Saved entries
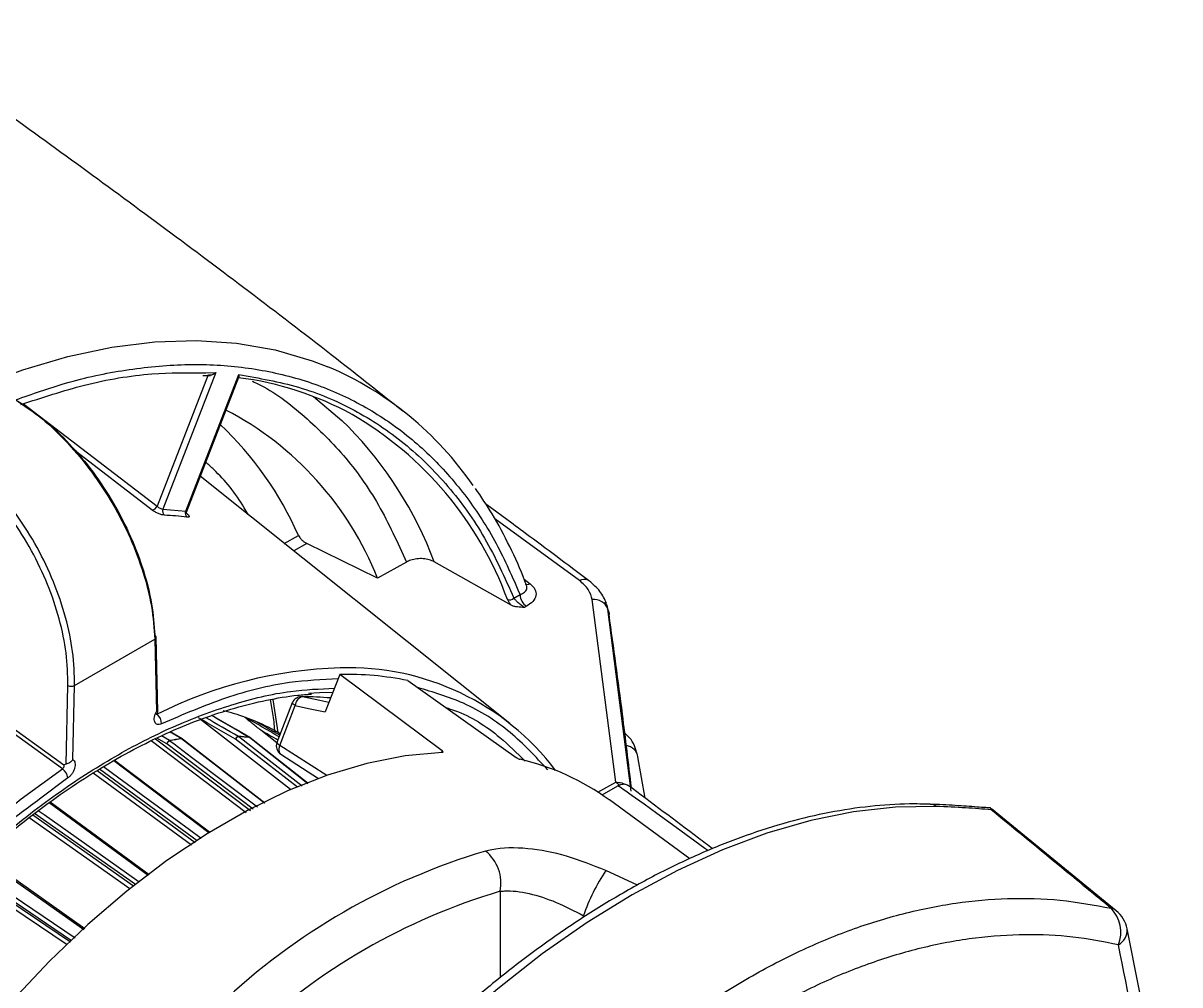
# Model space of a CAD drawing. Extents: x 6 to 134, y 3 to 97.
# Drawn here: x 102.151 to 105.786, y 8.675 to 11.696 of the extents above; entities that cross this region are included whole.
import ezdxf

# ---------------------------------------------------------------- set-up
doc = ezdxf.new("R2010")
doc.units = 0
doc.header["$MEASUREMENT"] = 0
doc.layers.add('OBJECT', color=7, linetype='CONTINUOUS')

msp = doc.modelspace()

# ---------------------------------------------------------------- linework, layer by layer
at = {"layer": 'OBJECT'}
for p, q in [((102.7319, 10.5909), (102.5719, 10.1784)), ((102.7568, 10.5981), (102.5904, 10.1692)), ((102.6619, 10.1628), (102.8283, 10.5917)), ((102.664, 10.1601), (102.8285, 10.5842)), ((102.7161, 10.5893), (102.7394, 10.5892)), ((102.7246, 10.5975), (102.7568, 10.5981)), ((102.1517, 10.5001), (102.5719, 10.1784)), ((102.5567, 10.1663), (102.3057, 10.3585)), ((103.6808, 9.4959), (102.7075, 10.2723)), ((102.5904, 10.1692), (102.6619, 10.1628)), ((103.8994, 9.945), (103.6332, 10.1388)), ((102.9716, 10.0617), (103.0162, 10.0865)), ((103.0426, 10.061), (103.0013, 10.038)), ((103.2647, 9.9525), (103.0426, 10.061)), ((102.2745, 9.3532), (101.3417, 10.0253)), ((103.3554, 10.0031), (103.2647, 9.9525)), ((103.6843, 9.867), (103.4429, 10.0038)), ((103.7251, 9.9489), (103.7444, 9.9349)), ((103.6933, 9.8899), (103.7126, 9.9007)), ((103.7332, 9.8639), (103.7267, 9.8603)), ((104.0131, 9.3115), (103.9393, 9.885)), ((103.9829, 9.87), (103.9803, 9.8765)), ((103.9889, 9.8546), (103.9829, 9.87)), ((103.9861, 9.8645), (103.9841, 9.8704)), ((103.9891, 9.8532), (103.9863, 9.867)), ((104.0619, 9.2833), (103.9889, 9.8546)), ((104.0619, 9.294), (103.9907, 9.8492)), ((102.3128, 9.6149), (102.5645, 9.7602)), ((102.5645, 9.7602), (102.5697, 9.5337)), ((102.5743, 9.5325), (102.5689, 9.7667)), ((103.1461, 9.6497), (103.1005, 9.5321)), ((103.468, 9.4101), (103.1461, 9.6497)), ((101.9327, 9.6159), (102.2789, 9.3664)), ((102.2861, 9.368), (102.2916, 9.6152)), ((102.3076, 9.3824), (102.3128, 9.6149)), ((103.3599, 9.6306), (103.7001, 9.3893)), ((102.9969, 9.5608), (102.9485, 9.436)), ((102.9574, 9.4271), (103.0059, 9.5519)), ((102.9915, 9.2881), (102.7079, 9.5083)), ((102.6114, 9.4423), (102.586, 9.4568)), ((102.6507, 9.4476), (102.6129, 9.4697)), ((102.9481, 9.4347), (102.8976, 9.4746)), ((102.852, 9.2152), (102.5535, 9.4411)), ((102.5673, 9.4477), (102.8654, 9.2222)), ((102.6024, 9.432), (102.5714, 9.4497)), ((102.8738, 9.2266), (102.6024, 9.432)), ((102.9093, 9.2453), (102.649, 9.4475)), ((102.9104, 9.2459), (102.6518, 9.4468)), ((103.0127, 9.2953), (102.8183, 9.4462)), ((103.0458, 9.3066), (102.8626, 9.4514)), ((103.0464, 9.3068), (102.8643, 9.4507)), ((103.105, 9.3325), (102.9574, 9.4271)), ((102.7364, 9.1539), (102.4381, 9.3799)), ((102.9603, 9.3999), (103.0795, 9.3234)), ((103.468, 9.4101), (103.466, 9.405)), ((104.1057, 9.2612), (104.0829, 9.3909)), ((102.2861, 9.368), (102.2789, 9.3664)), ((102.3838, 9.3478), (102.6917, 9.1224)), ((102.6983, 9.127), (102.3907, 9.3523)), ((102.7346, 9.1526), (102.4361, 9.3788)), ((102.2916, 9.3249), (102.2026, 9.2576)), ((102.6796, 9.1138), (102.371, 9.3398)), ((103.9571, 9.2803), (104.0131, 9.3115)), ((104.0131, 9.3115), (104.0132, 9.3115)), ((103.9708, 9.2713), (104.0201, 9.2997)), ((102.5441, 9.0183), (102.2327, 9.2468)), ((102.5469, 9.0202), (102.2355, 9.2488)), ((104.2462, 9.0708), (103.9932, 9.2555)), ((104.0661, 9.2664), (104.0659, 9.2681)), ((102.4865, 8.9766), (102.1699, 9.1997)), ((102.1814, 9.2088), (102.4981, 8.9858)), ((102.5037, 8.9897), (102.1868, 9.213)), ((105.5863, 8.9068), (105.1945, 9.228)), ((102.3453, 8.8506), (102.0228, 9.0782)), ((102.2888, 8.8002), (101.9608, 9.0212)), ((101.971, 9.0309), (102.2994, 8.8096)), ((102.3034, 8.8132), (101.975, 9.0345)), ((104.082, 8.9877), (103.982, 9.0336)), ((103.6498, 8.9685), (103.6498, 8.6966))]:
    msp.add_line(p, q, dxfattribs=at)
at = {"layer": 'OBJECT', "flags": 128}
for points in [[(102.0509, 10.57), (102.1503, 10.6067), (102.2912, 10.6487), (102.4294, 10.6783), (102.5644, 10.6952), (102.6954, 10.6994), (102.8219, 10.6908), (102.9433, 10.6695), (103.059, 10.6356), (103.1086, 10.6165)], [(103.0632, 10.5228), (103.1524, 10.4479), (103.173, 10.4279)], [(103.927, 9.9457), (103.9281, 9.9451), (103.9302, 9.9436)], [(103.9907, 9.8492), (103.9922, 9.8398), (103.9922, 9.8383)], [(102.9529, 9.467), (102.9371, 9.5709), (102.9366, 9.5733)], [(103.0284, 9.5795), (103.0247, 9.5799), (103.0246, 9.5799)], [(103.1121, 9.562), (103.0831, 9.5681), (103.0284, 9.5795)], [(103.0478, 9.5911), (103.0826, 9.5932), (103.1245, 9.5941)], [(103.0059, 9.5519), (103.0023, 9.5542), (102.9995, 9.5563), (102.9977, 9.5582), (102.9968, 9.5598), (102.9969, 9.5608)], [(103.0059, 9.5519), (103.0474, 9.5432), (103.1005, 9.5321)], [(102.8632, 9.4515), (102.82, 9.4766), (102.7441, 9.5207)], [(102.8287, 9.4545), (102.842, 9.4441), (102.8953, 9.4028), (103.0273, 9.3003)], [(102.8632, 9.4515), (102.8629, 9.4517), (102.8618, 9.452)], [(102.6122, 9.4417), (102.6258, 9.4314), (102.6802, 9.3903), (102.8872, 9.2337)], [(102.8644, 9.4507), (102.8637, 9.4511), (102.8626, 9.4514)], [(102.9574, 9.4271), (102.9556, 9.4219), (102.9546, 9.4167), (102.9544, 9.4118), (102.9551, 9.4075), (102.9565, 9.4038), (102.9588, 9.401), (102.9603, 9.3999)], [(103.4681, 9.4051), (103.3511, 9.394), (103.2306, 9.37), (103.1073, 9.3333), (102.982, 9.2841), (102.8556, 9.2227), (102.7288, 9.1495), (102.6023, 9.0649), (102.4771, 8.9695), (102.3538, 8.8639), (102.2333, 8.7487), (102.1163, 8.6247)], [(100.9454, 7.5248), (101.0019, 7.6804), (101.0719, 7.8482), (101.1504, 8.0142), (101.237, 8.1772), (101.3311, 8.3363), (101.4321, 8.4904), (101.5394, 8.6385), (101.6522, 8.7798), (101.77, 8.9132), (101.8919, 9.0381), (102.0171, 9.1535), (102.145, 9.2587), (102.2745, 9.3532)], [(102.4036, 9.3604), (102.4517, 9.3251), (102.674, 9.1623), (102.7105, 9.1356)], [(104.3027, 9.0964), (104.293, 9.1035), (104.2029, 9.1691), (104.1426, 9.2128), (104.1022, 9.2419), (104.0753, 9.2613), (104.0572, 9.2742), (104.0451, 9.2828), (104.0369, 9.2885), (104.0315, 9.2923), (104.0278, 9.2948), (104.0253, 9.2965), (104.0237, 9.2976), (104.0225, 9.2983), (104.0218, 9.2988), (104.0212, 9.2991), (104.0209, 9.2994), (104.0206, 9.2995), (104.0205, 9.2996), (104.0203, 9.2996), (104.0203, 9.2997), (104.0202, 9.2997), (104.0202, 9.2997), (104.0201, 9.2997), (104.0201, 9.2997), (104.0201, 9.2997), (104.0201, 9.2997), (104.0201, 9.2997), (104.0201, 9.2997)], [(105.0204, 9.2351), (104.8927, 9.2331), (104.761, 9.2183), (104.626, 9.1908), (104.4882, 9.1508), (104.3484, 9.0985), (104.2073, 9.0341), (104.0654, 8.9579), (103.9235, 8.8703), (103.7824, 8.7717), (103.6426, 8.6626), (103.5048, 8.5436), (103.3698, 8.4151), (103.2381, 8.2779), (103.1104, 8.1325)], [(102.1984, 9.2221), (102.2166, 9.2094), (102.4437, 9.0494), (102.516, 8.9984)], [(102.3418, 8.8475), (102.3268, 8.858), (102.0193, 9.0752)], [(101.9853, 9.0442), (102.2139, 8.8902), (102.3141, 8.8227)]]:
    msp.add_lwpolyline(points, dxfattribs=at)
at = {"layer": 'OBJECT'}
for centre, radius, start, end in [((102.6991, 9.6501), 1.0495, 34.3991, 67.0351), ((102.6996, 9.5776), 1.0127, 61.3843, 82.729), ((102.3159, 9.5755), 1.0209, 21.6703, 62.4368), ((102.029, 9.6507), 1.0791, 23.8199, 46.5938), ((102.6239, 9.4994), 1.1179, 20.2215, 59.8977), ((102.3006, 9.5746), 1.2203, 20.5924, 44.3653), ((102.5529, 10.1865), 0.0206, 280.6874, 336.986), ((102.6062, 10.1628), 0.017, 157.8842, 227.4941), ((102.5429, 9.1708), 0.9808, 82.8057, 86.9753), ((102.677, 10.156), 0.0166, 155.8062, 227.1074), ((103.736, 9.9513), 0.0185, 247.0012, 297.0448), ((103.914, 9.9171), 0.0314, 65.5466, 117.7359), ((103.6802, 9.9023), 0.018, 246.0578, 316.3418), ((103.7581, 9.902), 0.0455, 181.6244, 236.743), ((103.9439, 9.8369), 0.0484, 21.5678, 95.5173), ((102.3144, 9.3007), 1.7638, 18.1182, 18.3036), ((102.5619, 9.7665), 0.00677, 292.0221, 67.7669), ((103.1887, 8.2975), 1.3736, 91.7265, 116.6914), ((103.1744, 8.8547), 0.8162, 37.227, 91.9004), ((103.1706, 8.7184), 0.9316, 78.2746, 91.5063), ((102.3025, 9.6362), 0.0236, 242.5085, 295.8294), ((103.0249, 9.5499), 0.03, 90.4672, 158.7943), ((103.0353, 9.5509), 0.0295, 103.501, 177.9423), ((103.0366, 8.663), 0.9165, 84.9363, 90.5108), ((102.5493, 9.4961), 0.0364, 357.7676, 51.984), ((102.6193, 8.8775), 0.6778, 70.1496, 76.3122), ((102.6263, 8.8978), 0.6563, 67.0083, 70.1267), ((102.6311, 8.9089), 0.6443, 59.398, 67.0162), ((102.83, 9.4431), 0.0121, 100.0805, 165.0316), ((102.8308, 9.4411), 0.0135, 98.8134, 157.8154), ((102.8243, 9.4488), 0.00719, 51.9052, 59.9512), ((102.7758, 8.6819), 0.7749, 83.6315, 86.1494), ((102.7767, 8.6814), 0.7748, 83.6315, 86.1494), ((102.8582, 9.4458), 0.00711, 51.8286, 59.9552), ((102.6161, 9.4292), 0.0139, 109.6359, 168.4699), ((102.6172, 9.427), 0.0156, 108.4874, 161.2561), ((102.7871, 8.4431), 1.0145, 97.87, 99.9739), ((102.6075, 9.4355), 0.00784, 52.501, 59.9312), ((102.788, 8.4426), 1.0145, 97.87, 99.9739), ((102.6488, 9.4443), 0.00383, 60.4976, 99.5529), ((102.6443, 9.4414), 0.00771, 52.3878, 59.9339), ((102.6497, 9.444), 0.00359, 54.0257, 100.7269), ((102.6457, 9.439), 0.01, 52.1506, 59.7505), ((102.8582, 9.4429), 0.01, 51.6682, 59.8519), ((102.9765, 9.4251), 0.03, 158.7943, 237.3381), ((102.9618, 9.4406), 0.0141, 198.9208, 251.8686), ((104.0414, 9.3845), 0.042, 8.8459, 82.4489), ((103.541, 8.6342), 0.7684, 53.9565, 77.1044), ((102.2498, 9.3189), 0.0423, 8.2541, 54.1987), ((105, 9.2099), 0.0324, 51.0926, 87.5896), ((104.1947, 7.1093), 2.0717, 106.5663, 133.4284), ((103.5237, 8.9944), 0.1288, 348.4184, 51.4105), ((104.4737, 8.7029), 0.5926, 146.0732, 161.3859), ((104.214, 7.072), 1.9787, 106.5663, 133.4284), ((105.494, 8.8405), 0.1066, 338.0129, 44.572), ((105.5623, 8.8781), 0.038, 50.999, 78.3335), ((105.5228, 8.8303), 0.1, 11.5386, 50.6365), ((105.5668, 8.8479), 0.0541, 298.8965, 2.599)]:
    msp.add_arc(centre, radius, start, end, dxfattribs=at)
for centre, major_axis, ratio, start_param, end_param in [((101.1744, 8.2678), (156.3507, -89.6467), 0.010209, 1.566136, 1.566882), ((101.1805, 8.2675), (156.3569, -89.647), 0.010262, 1.566144, 1.566805), ((101.1805, 8.2675), (153.9999, -89.436), 0.010493, 1.565973, 1.566739), ((101.1805, 8.2675), (156.2256, -89.9492), 0.010617, 1.565547, 1.566226), ((101.1805, 8.2675), (154.1408, -89.1321), 0.010787, 1.565507, 1.565994), ((101.1805, 8.2675), (153.8946, -89.7439), 0.009875, 1.567018, 1.567254), ((101.175, 8.2694), (156.2201, -89.9472), 0.010562, 1.565507, 1.565851), ((95.1069, 14.9486), (-8.6782, 15.0549), 0.435892, 3.994547, 4.058995)]:
    msp.add_ellipse(centre, major_axis=major_axis, ratio=ratio, start_param=start_param, end_param=end_param, dxfattribs=at)
for points, knots in [([(103.344, 10.4768), (103.2746, 10.5318), (103.035, 10.7218), (102.6163, 11.0373), (102.0883, 11.4236), (101.5511, 11.7994), (101.1087, 12.0994), (100.8429, 12.2703), (100.7614, 12.3227)], [0, 0, 0, 0, 0.083949, 0.289789, 0.495873, 0.702164, 0.908626, 1, 1, 1, 1]), ([(102.1275, 10.5125), (102.1798, 10.5311), (102.2969, 10.5727), (102.4748, 10.6098), (102.6604, 10.6275), (102.8394, 10.6192), (103.0087, 10.5853), (103.166, 10.5261), (103.3094, 10.4424), (103.4368, 10.3361), (103.5469, 10.2092), (103.6405, 10.0655), (103.6887, 9.9553), (103.7126, 9.9007)], [0, 0, 0, 0, 0.073937, 0.165467, 0.258957, 0.353004, 0.447496, 0.541994, 0.636041, 0.729525, 0.821061, 0.911248, 1, 1, 1, 1]), ([(102.1435, 10.4976), (102.2106, 10.5197), (102.351, 10.5659), (102.5461, 10.5989), (102.6688, 10.5979), (102.7246, 10.5975)], [0, 0, 0, 0, 0.332891, 0.696475, 1, 1, 1, 1]), ([(102.7568, 10.5981), (102.7551, 10.5967), (102.7517, 10.594), (102.7461, 10.5913), (102.7413, 10.59), (102.7376, 10.5897), (102.7344, 10.5899), (102.7327, 10.5906), (102.7319, 10.5909)], [0, 0, 0, 0, 0.249829, 0.499343, 0.644997, 0.775034, 0.892148, 1, 1, 1, 1]), ([(102.8283, 10.5917), (102.8921, 10.5808), (103.0203, 10.5588), (103.194, 10.4846), (103.3518, 10.3807), (103.489, 10.2452), (103.6059, 10.0836), (103.6642, 9.9543), (103.6933, 9.8899)], [0, 0, 0, 0, 0.165461, 0.332207, 0.5, 0.667784, 0.834534, 1, 1, 1, 1]), ([(102.8283, 10.5917), (102.8287, 10.5901), (102.8293, 10.5872), (102.8287, 10.5852), (102.8284, 10.5843)], [0, 0, 0, 0, 0.543159, 1, 1, 1, 1]), ([(102.8705, 10.5711), (102.8725, 10.5702), (102.9301, 10.5458), (103.0283, 10.4702), (103.1604, 10.343), (103.2715, 10.1876), (103.3275, 10.0644), (103.3554, 10.0031)], [0, 0, 0, 0, 0.008989, 0.257952, 0.506901, 0.75437, 1, 1, 1, 1]), ([(102.1244, 10.5148), (102.1529, 10.4955), (102.21, 10.4571), (102.2921, 10.3781), (102.3678, 10.2871), (102.4342, 10.1861), (102.4893, 10.0787), (102.5301, 9.9699), (102.5576, 9.8612), (102.5621, 9.7944), (102.5645, 9.7602)], [0, 0, 0, 0, 0.125536, 0.250753, 0.375675, 0.500324, 0.624651, 0.75007, 0.872262, 1, 1, 1, 1]), ([(102.1342, 10.5088), (102.1621, 10.49), (102.2177, 10.4526), (102.298, 10.3754), (102.3719, 10.2868), (102.4369, 10.1879), (102.4907, 10.0831), (102.531, 9.9762), (102.5577, 9.8705), (102.5622, 9.8053), (102.5645, 9.7728)], [0, 0, 0, 0, 0.125719, 0.250525, 0.375694, 0.500217, 0.625479, 0.750016, 0.875168, 1, 1, 1, 1]), ([(102.2916, 9.6152), (102.2908, 9.6488), (102.2891, 9.7158), (102.2663, 9.8242), (102.2297, 9.9332), (102.1789, 10.0399), (102.1164, 10.1401), (102.0441, 10.2298), (101.9651, 10.3072), (101.9096, 10.3445), (101.8818, 10.3631)], [0, 0, 0, 0, 0.125666, 0.250539, 0.37567, 0.500227, 0.625486, 0.75002, 0.875177, 1, 1, 1, 1]), ([(102.3128, 9.6149), (102.3118, 9.65), (102.3099, 9.7186), (102.2862, 9.8298), (102.2487, 9.9406), (102.1967, 10.0496), (102.1327, 10.152), (102.0588, 10.2437), (101.9777, 10.3232), (101.9207, 10.3615), (101.8921, 10.3807)], [0, 0, 0, 0, 0.128141, 0.25071, 0.37607, 0.500341, 0.624825, 0.749582, 0.874632, 1, 1, 1, 1]), ([(102.8581, 10.1523), (102.8539, 10.1595), (102.8233, 10.2132), (102.7786, 10.2687), (102.7332, 10.309), (102.7247, 10.3165)], [0, 0, 0, 0, 0.112275, 0.83467, 1, 1, 1, 1]), ([(103.7328, 9.9283), (103.7311, 9.9332), (103.716, 9.9767), (103.6805, 10.0526), (103.6294, 10.1507), (103.5903, 10.2081), (103.5723, 10.2345)], [0, 0, 0, 0, 0.042292, 0.37729, 0.713916, 1, 1, 1, 1]), ([(103.927, 9.9457), (103.8615, 9.9949), (103.7545, 10.0751), (103.6462, 10.1549), (103.6042, 10.1858)], [0, 0, 0, 0, 0.611773, 1, 1, 1, 1]), ([(102.5947, 10.1502), (102.592, 10.1506), (102.5866, 10.1513), (102.576, 10.1551), (102.5654, 10.1603), (102.5596, 10.1643), (102.5567, 10.1663)], [0, 0, 0, 0, 0.24998, 0.499782, 0.749127, 1, 1, 1, 1]), ([(102.5719, 10.1784), (102.5726, 10.1778), (102.574, 10.1765), (102.577, 10.1742), (102.5812, 10.1718), (102.5863, 10.1697), (102.5891, 10.1694), (102.5904, 10.1692)], [0, 0, 0, 0, 0.139818, 0.270029, 0.501055, 0.752073, 1, 1, 1, 1]), ([(102.6619, 10.1628), (102.663, 10.1627), (102.6648, 10.1626), (102.665, 10.1635), (102.6652, 10.1639)], [0, 0, 0, 0, 0.612522, 1, 1, 1, 1]), ([(102.6644, 10.156), (102.6644, 10.156), (102.6646, 10.1559), (102.6645, 10.1567), (102.6642, 10.1592), (102.665, 10.1622), (102.6654, 10.1637)], [0, 0, 0, 0, 0.042202, 0.239086, 0.619994, 1, 1, 1, 1]), ([(102.6643, 10.1566), (102.6665, 10.1547), (102.671, 10.1508), (102.6733, 10.1464), (102.6719, 10.1437), (102.6678, 10.1438), (102.6658, 10.1439)], [0, 0, 0, 0, 0.250089, 0.499956, 0.749358, 1, 1, 1, 1]), ([(103.0162, 10.0865), (103.0173, 10.0844), (103.0197, 10.0801), (103.0259, 10.073), (103.0332, 10.0666), (103.0391, 10.0628), (103.042, 10.0613), (103.0426, 10.061)], [0, 0, 0, 0, 0.243971, 0.488094, 0.725805, 0.945379, 1, 1, 1, 1]), ([(103.4429, 10.0038), (103.4378, 10.0062), (103.4276, 10.011), (103.4081, 10.014), (103.3879, 10.0136), (103.3694, 10.0098), (103.3597, 10.0051), (103.3554, 10.0031)], [0, 0, 0, 0, 0.199355, 0.398467, 0.604141, 0.823636, 1, 1, 1, 1]), ([(103.7126, 9.9007), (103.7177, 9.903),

EXERCISE INSTRUCTIONS
Return, from the data, each line that has the word "dxfattribs" in it.

RESULT
    msp.add_line(p, q, dxfattribs=at)
    msp.add_lwpolyline(points, dxfattribs=at)
    msp.add_arc(centre, radius, start, end, dxfattribs=at)
    msp.add_ellipse(centre, major_axis=major_axis, ratio=ratio, start_param=start_param, end_param=end_param, dxfattribs=at)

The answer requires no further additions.